• Source records:
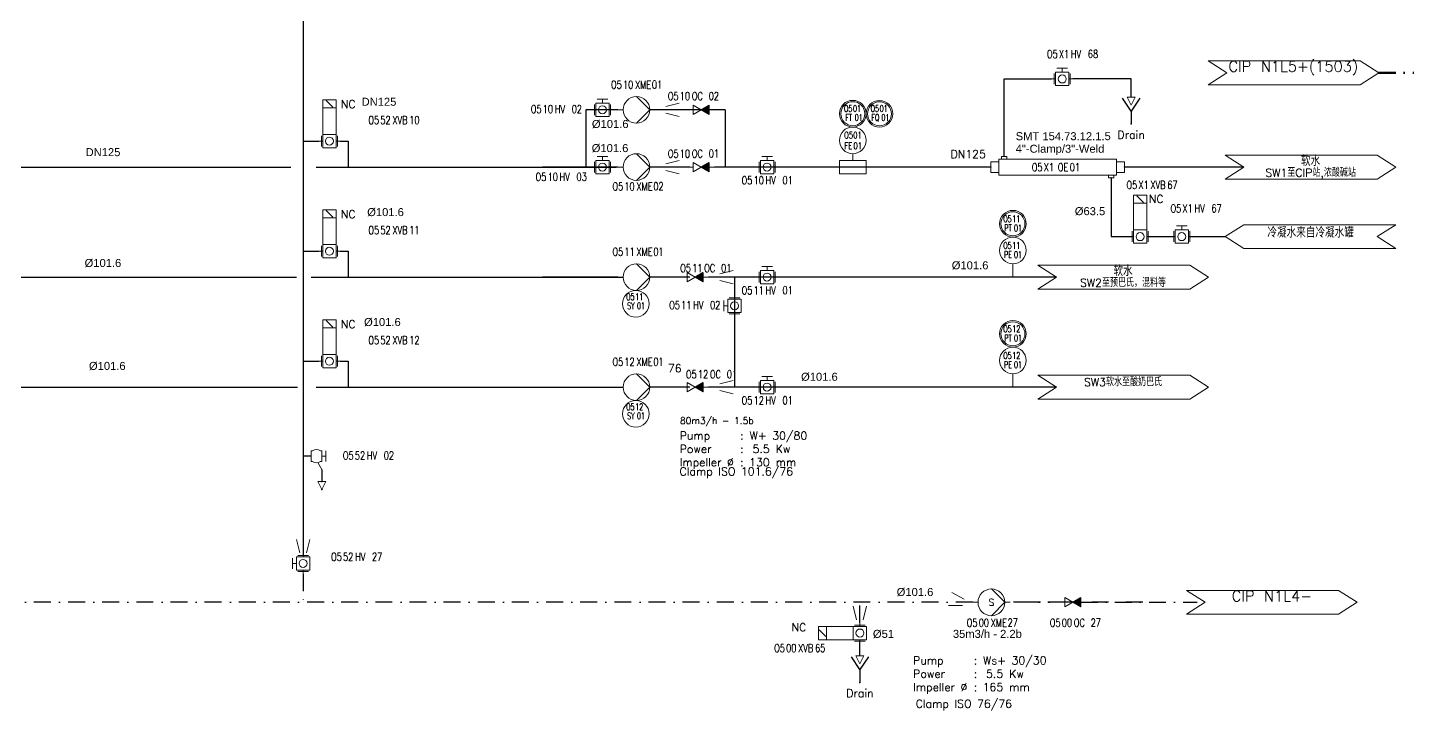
# Model space of a CAD drawing. Header units: inches. Extents: x 11759 to 13120, y 18809 to 19431.
# Drawn here: x 12066 to 12583, y 18833 to 19089 of the extents above; entities that cross this region are included whole.
import ezdxf
from ezdxf.enums import TextEntityAlignment as Align

# ---------------------------------------------------------------- set-up
doc = ezdxf.new("R2010")
doc.units = ezdxf.units.IN
doc.header["$MEASUREMENT"] = 0
doc.linetypes.add('ACAD_ISO02W100', pattern=[15, 12, -3])
doc.linetypes.add('DASHDOT2', pattern=[12.7, 6.35, -3.175, 0, -3.175])
doc.layers.add('17 Pipe CIP', color=4, linetype='DASHDOT2', lineweight=50)
doc.layers.add('31 Equipment', color=7, linetype='Continuous', lineweight=9)
for name, color, linetype in [('20 Pipe Steam Industrial', 231, 'Continuous'), ('CHN-179487-001278-EP_软纯水存储$0$techn-data', 7, 'Continuous'), ('CHN-179487-001278-EP_软纯水存储$0$TUYAUTERIE-PROCESS', 30, 'Continuous'), ('CHN-179487-001278-EP_软纯水存储$0$TXT_FR', 7, 'Continuous'), ('DIAMETRE', 7, 'Continuous'), ('MATERIEL-DIVERS', 7, 'Continuous'), ('POMPES', 7, 'Continuous'), ('POMPES-PROCESS', 7, 'Continuous'), ('REPERES', 7, 'Continuous'), ('techn-data', 7, 'Continuous'), ('TEXTES', 7, 'Continuous'), ('TUYAUTERIE-EAU', 5, 'Continuous'), ('TUYAUTERIE-EGOUT', 32, 'Continuous'), ('TUYAUTERIE-NEP', 4, 'DASHDOT2'), ('TUYAUTERIE-PROCESS', 30, 'Continuous'), ('TXT_FR', 7, 'Continuous'), ('VANNES', 7, 'Continuous')]:
    doc.layers.add(name, color=color, linetype=linetype)
doc.layers.get('REPERES').off()
doc.styles.add('CHN-179487-001278-EP_软纯水存储$0$ROMANS', font='ROMANS.SHX')
doc.styles.add('ROMANS', font='ROMANS.SHX')
doc.styles.add('ROMANT', font='romant')
doc.styles.get("Standard").update_dxf_attribs({"font": 'arial.ttf'})
doc.styles.add('USER1', font='TXT.SHX', dxfattribs={"bigfont": 'gbcbig.shx'})

# ---------------------------------------------------------------- blocks, each defined once
blk = doc.blocks.new('REPNORM1')
at = {"layer": 'TEXTES', "style": 'ROMANS', "width": 0.75}
for tag, p in [('ZONE', (-9.75, -1.25)), ('SOUSZONE', (-5.25, -1.25)), ('ELEMENT', (-0.75, -1.25)), ('NUM', (5.59, -1.22))]:
    blk.add_attdef(tag, p, '', height=3, dxfattribs=at)
blk = doc.blocks.new('REPINS2')
at = {"layer": 'TEXTES', "style": 'ROMANS', "width": 0.7}
for tag, p in [('ZONE', (-3.35, 0.8)), ('SOUSZONE', (0.05, 0.8)), ('NUM', (0.7, -2.6))]:
    blk.add_attdef(tag, p, '', height=2.5, dxfattribs=at)
blk.add_attdef('ELEMENT', text='', height=2.5, dxfattribs=at).set_placement((-1.56, -2.59), align=Align.CENTER)
blk = doc.blocks.new('APV-SIGN-ARW-DWG-1')
at = {"layer": '31 Equipment'}
for p, q in [((-32, 4.49), (25, 4.49)), ((-32, 4.49), (-25, 0)), ((-25, 0), (-32, -4.49)), ((25, 4.49), (32, 0)), ((32, 0), (25, -4.49)), ((-32, -4.49), (25, -4.49))]:
    blk.add_line(p, q, dxfattribs=at)
at = {"layer": '31 Equipment', "style": 'ROMANS', "width": 0.8}
for tag, p in [('TEXT1', (0, 0.37)), ('TEXT2', (0, -3.63))]:
    blk.add_attdef(tag, text='', height=3, dxfattribs=at).set_placement(p, align=Align.CENTER)
blk = doc.blocks.new('EGOUT')
at = {"color": 7}
for p, q in [((-3.2, 9.61), (0, 4.81)), ((0, 4.81), (3.2, 9.61)), ((0, 4.81), (0, 0))]:
    blk.add_line(p, q, dxfattribs=at)
at = {"color": 7, "extrusion": (0, -1, 0)}
blk.add_point((0, 0), dxfattribs=at)
at = {"layer": 'POMPES-PROCESS', "style": 'ROMANS'}
blk.add_attdef('EGOUT', text='', height=3, dxfattribs=at).set_placement((0, -4), align=Align.MIDDLE)
blk = doc.blocks.new('APV-SIGN-ARW-FLOW-1')
at = {"layer": '31 Equipment'}
for p, q in [((-1.5, -1.5), (-1.5, 1.5)), ((-1.5, 1.5), (1.5, 0)), ((1.5, 0), (-1.5, -1.5))]:
    blk.add_line(p, q, dxfattribs=at)
blk = doc.blocks.new('APV-FCE-GEN-REDCON-1')
at = {"layer": '31 Equipment', "color": 7}
for p, q in [((-2.5, 2.5), (2.5, 1.25)), ((2.5, 1.25), (2.5, 1.25)), ((2.5, -1.25), (-2.5, -2.5))]:
    blk.add_line(p, q, dxfattribs=at)
blk = doc.blocks.new('APV-FCE-NRV-GEN-1')
at = {"layer": '31 Equipment'}
h = blk.add_hatch(dxfattribs=at)
h.set_pattern_fill('ANSI31', color=256, scale=0.01, style=0)
h.set_pattern_definition([(45, (0, 0), (-0.02245064, 0.02245064), [])])
h.paths.add_polyline_path([(3, 1.75), (3, -1.75), (0, 0)])
at = {"layer": '31 Equipment', "linetype": 'ACAD_ISO02W100', "ltscale": 38}
for p, q in [((-3, 0), (-5, 0)), ((0, 0), (-3, 1.75)), ((-3, 1.75), (-3, -1.75)), ((0, 0), (-3, -1.75)), ((0, 0), (3, 1.75)), ((0, 0), (3, -1.75)), ((3, 1.75), (3, -1.75)), ((3, 0), (5, 0))]:
    blk.add_line(p, q, dxfattribs=at)
blk = doc.blocks.new('APV-PMP-GEN-CENTRI-1')
at = {"layer": '31 Equipment', "ltscale": 38}
for p, q in [((-5, 0), (-7, 0)), ((5, 0), (0, 5)), ((5, 0), (0, -5)), ((5, 0), (7, 0))]:
    blk.add_line(p, q, dxfattribs=at)
blk.add_circle((0, 0), 5, dxfattribs=at)
at = {"layer": '31 Equipment', "style": 'ROMANT', "flags": 8}
blk.add_attdef('I', text='', height=2.5, dxfattribs=at).set_placement((0, 0), align=Align.MIDDLE)
blk = doc.blocks.new('APV-VLVM-BFLY-SVS-1')
at = {"layer": '31 Equipment', "ltscale": 38}
for p, q in [((-2.5, 0), (-4, 0)), ((2.5, 2.5), (-2.5, 2.5)), ((-2.5, 2.5), (-2.5, -2.5)), ((-2, 4), (2, 4)), ((0, 2.5), (0, 4)), ((2.5, -2.5), (2.5, 2.5)), ((2.5, 0), (4, 0)), ((-2.5, -2.5), (2.5, -2.5))]:
    blk.add_line(p, q, dxfattribs=at)
at = {"layer": '31 Equipment'}
for p, q in [((-3, 2), (-3, -2)), ((3, -2), (3, 2))]:
    blk.add_line(p, q, dxfattribs=at)
at = {"layer": '31 Equipment', "ltscale": 38}
blk.add_circle((0, 0), 1.5, dxfattribs=at)
blk = doc.blocks.new('APV-PMP-GEN-CENTR-1')
at = {"layer": '31 Equipment', "ltscale": 38}
for p, q in [((-5, 0), (-7, 0)), ((5, 0), (0, 5)), ((5, 0), (0, -5)), ((5, 0), (7, 0))]:
    blk.add_line(p, q, dxfattribs=at)
blk.add_circle((0, 0), 5, dxfattribs=at)
blk = doc.blocks.new('APV-VLV-SAMPL-PRD20-1')
at = {"layer": '31 Equipment', "ltscale": 38}
for p, q in [((-5.5, -2), (-5.5, 2)), ((-4, 0), (-5.5, 0)), ((-4, 2), (-3.5, 2)), ((-4, 2), (-4, -2)), ((0, 2), (-0.5, 2)), ((0, 2), (0, -2)), ((0, -2), (0, 2)), ((-4, -2), (-3.5, -2)), ((-2.54, -2.44), (-4, -5)), ((0, -2), (-0.5, -2))]:
    blk.add_line(p, q, dxfattribs=at)
for start, end in [(53.1301, 126.8699), (233.1301, 306.8699)]:
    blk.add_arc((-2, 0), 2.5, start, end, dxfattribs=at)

• Goal of the exercise: Give the number of lines in the listing above that contain the word "font", with no other text.

• Expected output: 5